**TASK REQUIREMENTS:** Only lines holding "linetype" are needed; copy each of them from the data below.

**PROVIDED RECORDS:**
____
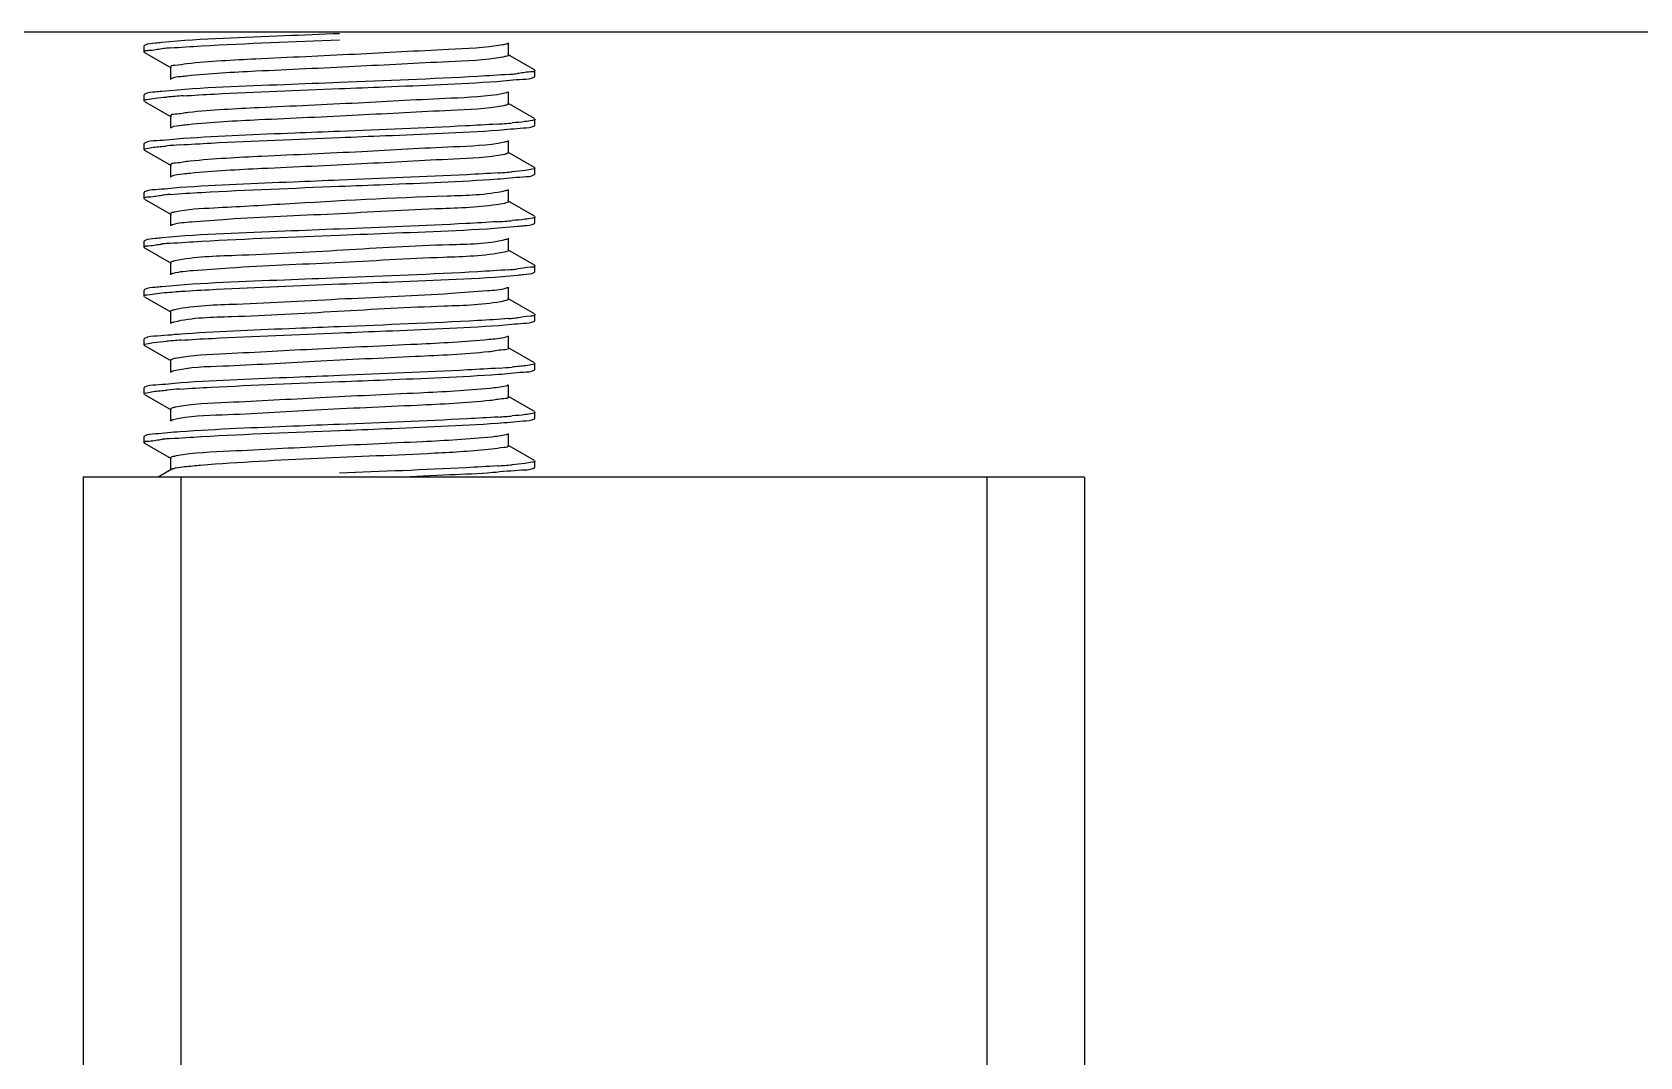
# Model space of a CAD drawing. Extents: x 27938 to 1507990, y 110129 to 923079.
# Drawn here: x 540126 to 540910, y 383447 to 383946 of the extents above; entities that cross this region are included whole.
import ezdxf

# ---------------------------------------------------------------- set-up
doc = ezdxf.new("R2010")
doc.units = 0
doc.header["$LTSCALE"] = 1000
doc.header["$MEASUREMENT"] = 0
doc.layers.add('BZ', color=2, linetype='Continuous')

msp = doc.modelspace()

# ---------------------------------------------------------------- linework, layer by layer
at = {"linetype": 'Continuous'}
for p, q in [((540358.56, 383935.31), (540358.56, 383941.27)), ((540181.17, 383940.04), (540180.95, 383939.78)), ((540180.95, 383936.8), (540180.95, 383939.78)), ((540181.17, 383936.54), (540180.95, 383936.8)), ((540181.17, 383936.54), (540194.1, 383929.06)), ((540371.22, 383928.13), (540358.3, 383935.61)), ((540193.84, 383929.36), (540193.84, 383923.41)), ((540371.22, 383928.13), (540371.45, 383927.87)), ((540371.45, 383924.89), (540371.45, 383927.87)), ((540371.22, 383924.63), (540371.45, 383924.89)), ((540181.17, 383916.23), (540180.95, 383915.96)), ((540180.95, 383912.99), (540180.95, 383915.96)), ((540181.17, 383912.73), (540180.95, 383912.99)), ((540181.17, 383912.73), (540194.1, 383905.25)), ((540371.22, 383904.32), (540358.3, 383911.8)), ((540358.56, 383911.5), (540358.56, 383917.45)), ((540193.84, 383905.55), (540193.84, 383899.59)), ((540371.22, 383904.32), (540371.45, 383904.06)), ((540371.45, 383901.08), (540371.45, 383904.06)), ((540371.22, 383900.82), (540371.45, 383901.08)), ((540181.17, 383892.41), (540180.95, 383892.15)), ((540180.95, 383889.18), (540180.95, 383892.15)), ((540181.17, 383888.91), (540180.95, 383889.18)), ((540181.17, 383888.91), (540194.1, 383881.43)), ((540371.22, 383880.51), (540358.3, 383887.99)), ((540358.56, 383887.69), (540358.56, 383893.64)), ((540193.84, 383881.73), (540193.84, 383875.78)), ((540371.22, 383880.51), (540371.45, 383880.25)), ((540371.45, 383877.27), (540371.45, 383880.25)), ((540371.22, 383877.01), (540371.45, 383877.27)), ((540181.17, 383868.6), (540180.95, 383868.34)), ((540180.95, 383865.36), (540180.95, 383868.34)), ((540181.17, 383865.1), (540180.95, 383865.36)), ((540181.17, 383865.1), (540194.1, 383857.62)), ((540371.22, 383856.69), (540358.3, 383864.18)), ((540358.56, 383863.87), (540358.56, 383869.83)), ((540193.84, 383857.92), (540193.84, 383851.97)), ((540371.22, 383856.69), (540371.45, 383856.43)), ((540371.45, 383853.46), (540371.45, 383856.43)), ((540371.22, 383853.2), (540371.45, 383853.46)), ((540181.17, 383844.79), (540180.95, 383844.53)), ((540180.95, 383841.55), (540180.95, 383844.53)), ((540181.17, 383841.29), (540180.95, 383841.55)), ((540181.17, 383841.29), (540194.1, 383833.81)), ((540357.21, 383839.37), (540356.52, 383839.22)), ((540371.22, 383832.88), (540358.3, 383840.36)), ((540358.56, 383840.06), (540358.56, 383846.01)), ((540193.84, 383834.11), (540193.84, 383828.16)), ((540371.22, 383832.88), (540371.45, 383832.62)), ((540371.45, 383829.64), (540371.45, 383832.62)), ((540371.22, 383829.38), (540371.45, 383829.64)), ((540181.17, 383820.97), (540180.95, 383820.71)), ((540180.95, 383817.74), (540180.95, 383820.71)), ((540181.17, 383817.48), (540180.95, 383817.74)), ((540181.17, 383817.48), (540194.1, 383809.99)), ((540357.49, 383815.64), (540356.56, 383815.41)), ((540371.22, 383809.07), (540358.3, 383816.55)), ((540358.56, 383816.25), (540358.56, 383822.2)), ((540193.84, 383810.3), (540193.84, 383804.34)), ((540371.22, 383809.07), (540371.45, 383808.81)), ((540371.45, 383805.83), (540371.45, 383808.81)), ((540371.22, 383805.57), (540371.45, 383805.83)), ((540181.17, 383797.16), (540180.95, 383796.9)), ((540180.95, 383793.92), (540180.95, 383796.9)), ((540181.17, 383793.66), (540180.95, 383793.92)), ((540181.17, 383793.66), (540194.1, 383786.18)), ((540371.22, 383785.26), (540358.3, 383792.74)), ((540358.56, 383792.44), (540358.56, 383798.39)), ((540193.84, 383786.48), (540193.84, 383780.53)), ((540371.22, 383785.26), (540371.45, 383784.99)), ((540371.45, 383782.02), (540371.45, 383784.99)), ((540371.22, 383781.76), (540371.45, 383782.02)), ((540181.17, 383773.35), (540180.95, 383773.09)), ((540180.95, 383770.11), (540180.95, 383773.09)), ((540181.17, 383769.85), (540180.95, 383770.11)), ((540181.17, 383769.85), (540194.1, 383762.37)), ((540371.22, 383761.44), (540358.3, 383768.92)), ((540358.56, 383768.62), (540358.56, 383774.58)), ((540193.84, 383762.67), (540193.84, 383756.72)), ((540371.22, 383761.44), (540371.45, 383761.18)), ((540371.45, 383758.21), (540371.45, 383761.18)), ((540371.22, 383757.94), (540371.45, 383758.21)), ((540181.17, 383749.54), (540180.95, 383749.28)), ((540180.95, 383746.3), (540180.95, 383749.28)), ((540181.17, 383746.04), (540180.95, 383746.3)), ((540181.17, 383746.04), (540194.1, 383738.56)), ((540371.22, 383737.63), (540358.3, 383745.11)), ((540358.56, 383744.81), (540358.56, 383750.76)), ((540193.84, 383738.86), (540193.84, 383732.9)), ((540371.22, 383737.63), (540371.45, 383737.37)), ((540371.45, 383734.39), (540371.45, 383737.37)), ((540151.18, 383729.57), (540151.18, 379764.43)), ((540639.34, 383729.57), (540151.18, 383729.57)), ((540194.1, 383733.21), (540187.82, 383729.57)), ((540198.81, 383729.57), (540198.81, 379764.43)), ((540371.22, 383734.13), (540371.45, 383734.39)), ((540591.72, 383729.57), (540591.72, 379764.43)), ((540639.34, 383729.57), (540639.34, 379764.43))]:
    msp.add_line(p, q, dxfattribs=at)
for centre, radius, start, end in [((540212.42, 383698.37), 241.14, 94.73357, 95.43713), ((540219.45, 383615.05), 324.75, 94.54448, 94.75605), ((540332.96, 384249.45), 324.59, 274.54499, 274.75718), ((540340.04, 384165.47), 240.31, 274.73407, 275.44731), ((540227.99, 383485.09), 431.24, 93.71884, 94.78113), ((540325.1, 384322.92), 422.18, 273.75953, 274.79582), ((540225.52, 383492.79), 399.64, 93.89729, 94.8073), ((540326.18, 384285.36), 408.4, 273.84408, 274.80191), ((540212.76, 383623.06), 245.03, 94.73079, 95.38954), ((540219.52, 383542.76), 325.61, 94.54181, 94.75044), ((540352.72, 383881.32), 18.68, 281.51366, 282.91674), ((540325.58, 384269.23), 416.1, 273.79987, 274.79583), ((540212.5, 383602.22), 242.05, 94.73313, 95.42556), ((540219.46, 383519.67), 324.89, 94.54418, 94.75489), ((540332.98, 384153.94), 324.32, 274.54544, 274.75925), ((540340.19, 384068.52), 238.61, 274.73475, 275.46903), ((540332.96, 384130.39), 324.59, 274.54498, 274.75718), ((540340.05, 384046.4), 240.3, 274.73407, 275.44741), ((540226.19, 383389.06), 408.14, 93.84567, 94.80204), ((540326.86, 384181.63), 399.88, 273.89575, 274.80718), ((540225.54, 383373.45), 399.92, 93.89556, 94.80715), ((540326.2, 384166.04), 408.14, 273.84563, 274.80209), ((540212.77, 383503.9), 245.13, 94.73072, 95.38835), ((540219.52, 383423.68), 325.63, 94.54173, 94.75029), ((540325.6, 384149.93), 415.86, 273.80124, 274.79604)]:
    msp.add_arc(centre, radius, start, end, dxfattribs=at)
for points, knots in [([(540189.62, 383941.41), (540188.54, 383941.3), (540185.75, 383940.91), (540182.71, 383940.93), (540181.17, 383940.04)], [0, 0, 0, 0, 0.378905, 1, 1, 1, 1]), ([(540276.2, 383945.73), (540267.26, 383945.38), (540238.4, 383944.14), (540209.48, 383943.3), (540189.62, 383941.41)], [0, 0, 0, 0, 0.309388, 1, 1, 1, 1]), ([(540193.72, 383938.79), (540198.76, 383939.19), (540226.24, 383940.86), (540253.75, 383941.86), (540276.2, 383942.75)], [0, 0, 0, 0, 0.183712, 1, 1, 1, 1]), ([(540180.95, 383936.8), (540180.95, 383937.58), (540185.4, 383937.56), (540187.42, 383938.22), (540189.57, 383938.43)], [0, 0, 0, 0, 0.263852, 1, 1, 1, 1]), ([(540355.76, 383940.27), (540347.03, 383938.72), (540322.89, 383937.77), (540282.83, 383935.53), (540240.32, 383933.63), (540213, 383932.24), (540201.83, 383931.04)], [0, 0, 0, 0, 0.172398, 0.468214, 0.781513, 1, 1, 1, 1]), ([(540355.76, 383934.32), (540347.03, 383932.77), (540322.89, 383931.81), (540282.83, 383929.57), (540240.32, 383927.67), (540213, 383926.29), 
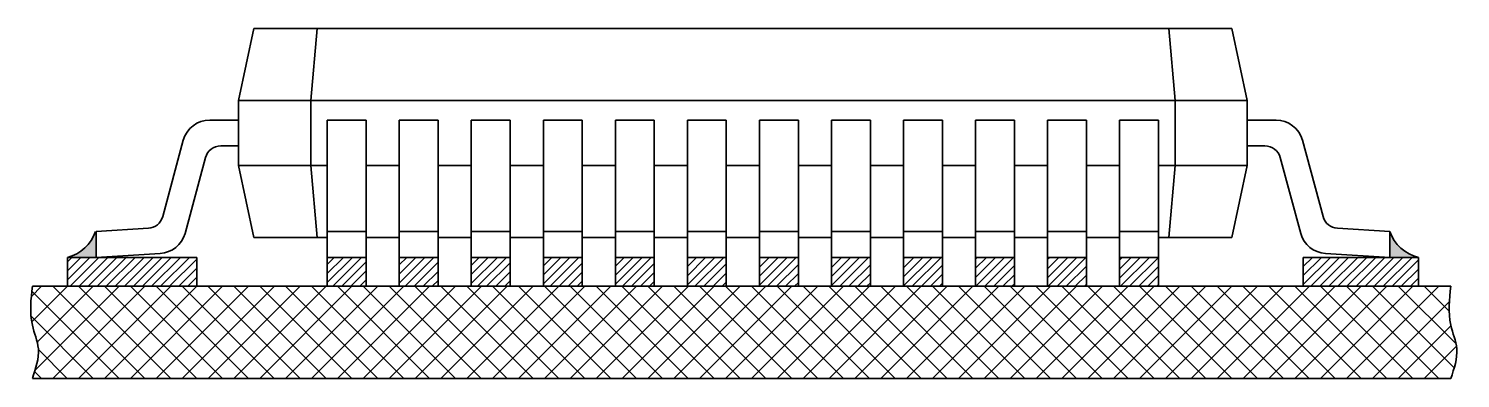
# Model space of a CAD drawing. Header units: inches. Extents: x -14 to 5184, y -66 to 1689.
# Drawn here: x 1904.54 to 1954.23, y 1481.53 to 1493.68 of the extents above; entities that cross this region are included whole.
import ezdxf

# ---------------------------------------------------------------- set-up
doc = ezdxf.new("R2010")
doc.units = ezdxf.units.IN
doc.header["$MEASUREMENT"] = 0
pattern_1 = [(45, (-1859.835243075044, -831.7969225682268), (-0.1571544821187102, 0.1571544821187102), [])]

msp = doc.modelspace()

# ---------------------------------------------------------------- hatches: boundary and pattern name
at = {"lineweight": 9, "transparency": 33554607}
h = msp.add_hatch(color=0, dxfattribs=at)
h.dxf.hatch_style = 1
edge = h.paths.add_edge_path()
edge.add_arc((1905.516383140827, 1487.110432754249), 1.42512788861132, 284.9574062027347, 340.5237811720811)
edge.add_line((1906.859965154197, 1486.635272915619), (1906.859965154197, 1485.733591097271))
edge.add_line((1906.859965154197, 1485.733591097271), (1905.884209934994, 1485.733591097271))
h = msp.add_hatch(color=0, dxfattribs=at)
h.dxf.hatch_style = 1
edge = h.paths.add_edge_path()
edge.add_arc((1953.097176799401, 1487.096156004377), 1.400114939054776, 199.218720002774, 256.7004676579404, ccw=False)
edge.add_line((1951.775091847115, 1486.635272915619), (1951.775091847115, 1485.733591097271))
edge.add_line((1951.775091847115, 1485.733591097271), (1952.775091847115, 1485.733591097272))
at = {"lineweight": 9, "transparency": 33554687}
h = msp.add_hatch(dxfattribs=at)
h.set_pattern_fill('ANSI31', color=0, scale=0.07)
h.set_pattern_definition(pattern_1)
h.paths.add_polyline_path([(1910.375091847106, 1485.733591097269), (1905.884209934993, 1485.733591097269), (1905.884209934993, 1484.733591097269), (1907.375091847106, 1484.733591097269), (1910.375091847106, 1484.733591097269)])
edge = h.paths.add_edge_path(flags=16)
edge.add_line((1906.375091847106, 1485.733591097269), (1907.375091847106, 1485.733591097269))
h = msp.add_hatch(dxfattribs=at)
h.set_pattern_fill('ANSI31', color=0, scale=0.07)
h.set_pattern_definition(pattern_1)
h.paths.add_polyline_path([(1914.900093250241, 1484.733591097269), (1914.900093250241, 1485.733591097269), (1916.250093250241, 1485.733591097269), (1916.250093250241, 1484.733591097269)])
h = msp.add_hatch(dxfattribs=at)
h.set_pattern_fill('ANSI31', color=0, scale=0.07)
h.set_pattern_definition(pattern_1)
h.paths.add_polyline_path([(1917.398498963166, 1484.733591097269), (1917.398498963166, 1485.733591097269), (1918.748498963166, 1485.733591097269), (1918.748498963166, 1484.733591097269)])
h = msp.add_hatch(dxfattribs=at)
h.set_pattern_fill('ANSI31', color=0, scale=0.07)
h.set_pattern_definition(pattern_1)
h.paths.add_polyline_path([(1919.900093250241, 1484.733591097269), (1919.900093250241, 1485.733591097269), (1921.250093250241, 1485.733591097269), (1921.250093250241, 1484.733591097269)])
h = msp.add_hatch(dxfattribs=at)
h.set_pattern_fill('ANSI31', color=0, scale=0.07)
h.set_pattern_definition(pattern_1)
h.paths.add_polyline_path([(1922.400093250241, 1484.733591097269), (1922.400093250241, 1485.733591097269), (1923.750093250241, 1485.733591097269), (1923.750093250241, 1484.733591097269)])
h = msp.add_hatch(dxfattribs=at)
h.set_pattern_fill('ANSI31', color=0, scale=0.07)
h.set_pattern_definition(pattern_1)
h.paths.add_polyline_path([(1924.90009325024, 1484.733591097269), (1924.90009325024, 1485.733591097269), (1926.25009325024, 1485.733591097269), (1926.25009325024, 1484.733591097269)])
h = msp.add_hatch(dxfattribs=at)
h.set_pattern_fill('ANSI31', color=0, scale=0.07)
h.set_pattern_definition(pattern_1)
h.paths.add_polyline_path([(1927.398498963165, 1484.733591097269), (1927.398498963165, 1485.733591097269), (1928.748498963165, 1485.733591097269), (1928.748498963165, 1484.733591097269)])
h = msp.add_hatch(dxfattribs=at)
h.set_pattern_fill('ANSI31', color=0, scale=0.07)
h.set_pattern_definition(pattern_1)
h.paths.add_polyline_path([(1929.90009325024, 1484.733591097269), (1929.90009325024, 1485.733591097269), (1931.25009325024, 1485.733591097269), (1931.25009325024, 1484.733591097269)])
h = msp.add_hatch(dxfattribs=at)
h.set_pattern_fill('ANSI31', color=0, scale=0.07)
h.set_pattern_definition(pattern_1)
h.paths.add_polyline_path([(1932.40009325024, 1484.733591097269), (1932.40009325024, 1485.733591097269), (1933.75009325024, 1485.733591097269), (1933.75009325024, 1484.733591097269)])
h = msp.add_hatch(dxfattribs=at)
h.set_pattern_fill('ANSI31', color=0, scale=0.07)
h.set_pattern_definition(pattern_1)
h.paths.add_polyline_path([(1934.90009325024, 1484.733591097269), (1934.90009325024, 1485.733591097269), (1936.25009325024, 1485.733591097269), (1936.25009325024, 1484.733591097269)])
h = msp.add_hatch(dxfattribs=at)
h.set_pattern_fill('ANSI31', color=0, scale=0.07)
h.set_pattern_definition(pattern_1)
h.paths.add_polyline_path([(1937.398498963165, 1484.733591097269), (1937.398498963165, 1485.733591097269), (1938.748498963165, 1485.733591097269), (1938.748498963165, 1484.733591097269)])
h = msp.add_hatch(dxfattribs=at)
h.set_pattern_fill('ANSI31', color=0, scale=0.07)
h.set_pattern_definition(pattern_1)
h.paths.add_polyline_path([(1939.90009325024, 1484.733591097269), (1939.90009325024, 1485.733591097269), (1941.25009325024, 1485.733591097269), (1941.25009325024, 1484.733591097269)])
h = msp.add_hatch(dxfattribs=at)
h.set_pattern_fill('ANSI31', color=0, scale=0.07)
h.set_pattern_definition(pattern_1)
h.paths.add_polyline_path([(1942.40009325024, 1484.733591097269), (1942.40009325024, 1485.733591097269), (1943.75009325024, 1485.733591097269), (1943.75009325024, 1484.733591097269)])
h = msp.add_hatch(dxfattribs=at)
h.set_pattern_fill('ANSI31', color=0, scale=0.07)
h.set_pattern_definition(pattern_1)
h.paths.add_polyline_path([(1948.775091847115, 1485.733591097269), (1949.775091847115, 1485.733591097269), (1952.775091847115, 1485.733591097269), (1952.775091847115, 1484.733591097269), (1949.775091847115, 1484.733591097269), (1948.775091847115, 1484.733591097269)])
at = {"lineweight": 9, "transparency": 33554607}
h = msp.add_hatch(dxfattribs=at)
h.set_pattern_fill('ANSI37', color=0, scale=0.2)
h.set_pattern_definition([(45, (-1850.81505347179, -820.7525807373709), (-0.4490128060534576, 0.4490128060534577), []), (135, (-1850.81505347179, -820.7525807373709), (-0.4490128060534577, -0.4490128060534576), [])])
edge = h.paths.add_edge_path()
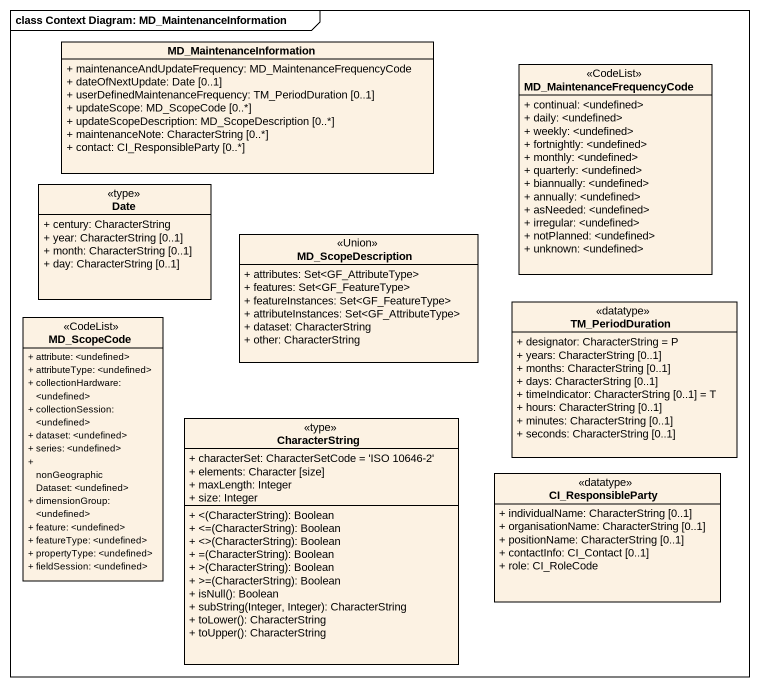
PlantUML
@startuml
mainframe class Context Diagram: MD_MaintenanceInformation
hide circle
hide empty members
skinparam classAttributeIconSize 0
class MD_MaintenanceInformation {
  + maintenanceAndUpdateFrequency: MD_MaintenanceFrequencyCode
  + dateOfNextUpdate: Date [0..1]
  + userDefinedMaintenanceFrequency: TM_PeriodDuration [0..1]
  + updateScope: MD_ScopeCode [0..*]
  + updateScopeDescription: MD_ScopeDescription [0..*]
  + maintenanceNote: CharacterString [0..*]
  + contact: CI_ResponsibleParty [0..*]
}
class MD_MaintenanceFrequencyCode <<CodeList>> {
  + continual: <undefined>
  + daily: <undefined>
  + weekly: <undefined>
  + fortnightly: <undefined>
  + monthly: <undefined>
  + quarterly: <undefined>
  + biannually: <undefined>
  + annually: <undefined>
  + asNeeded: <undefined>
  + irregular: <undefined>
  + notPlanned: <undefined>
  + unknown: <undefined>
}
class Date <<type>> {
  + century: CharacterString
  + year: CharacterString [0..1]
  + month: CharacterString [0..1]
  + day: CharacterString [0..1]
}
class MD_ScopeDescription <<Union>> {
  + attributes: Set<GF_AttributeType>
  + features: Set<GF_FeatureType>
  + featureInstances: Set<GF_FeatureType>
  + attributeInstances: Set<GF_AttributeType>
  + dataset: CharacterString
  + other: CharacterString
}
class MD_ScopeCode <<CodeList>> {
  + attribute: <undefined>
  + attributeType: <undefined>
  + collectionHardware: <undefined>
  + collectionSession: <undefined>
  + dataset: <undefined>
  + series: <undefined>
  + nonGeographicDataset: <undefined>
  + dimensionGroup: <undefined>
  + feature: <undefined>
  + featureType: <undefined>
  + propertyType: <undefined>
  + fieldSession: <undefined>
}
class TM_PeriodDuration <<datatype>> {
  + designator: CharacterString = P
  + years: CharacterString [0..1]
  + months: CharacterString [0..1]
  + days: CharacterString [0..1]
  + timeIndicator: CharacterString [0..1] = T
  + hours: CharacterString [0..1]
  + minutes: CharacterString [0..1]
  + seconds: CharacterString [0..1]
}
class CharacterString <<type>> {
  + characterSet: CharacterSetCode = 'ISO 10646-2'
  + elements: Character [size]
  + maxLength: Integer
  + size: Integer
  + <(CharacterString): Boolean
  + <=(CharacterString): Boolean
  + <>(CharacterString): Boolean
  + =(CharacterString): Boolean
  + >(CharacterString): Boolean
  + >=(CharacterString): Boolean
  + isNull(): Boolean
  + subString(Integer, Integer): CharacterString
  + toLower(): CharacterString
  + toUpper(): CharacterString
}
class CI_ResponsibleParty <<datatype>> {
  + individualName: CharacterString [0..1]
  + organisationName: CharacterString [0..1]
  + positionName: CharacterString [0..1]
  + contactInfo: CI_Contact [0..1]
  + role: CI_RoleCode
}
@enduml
____
**THE COMPLETED TASK:**
doc.layers.add('BZ', color=2, linetype='Continuous')
at = {"linetype": 'Continuous'}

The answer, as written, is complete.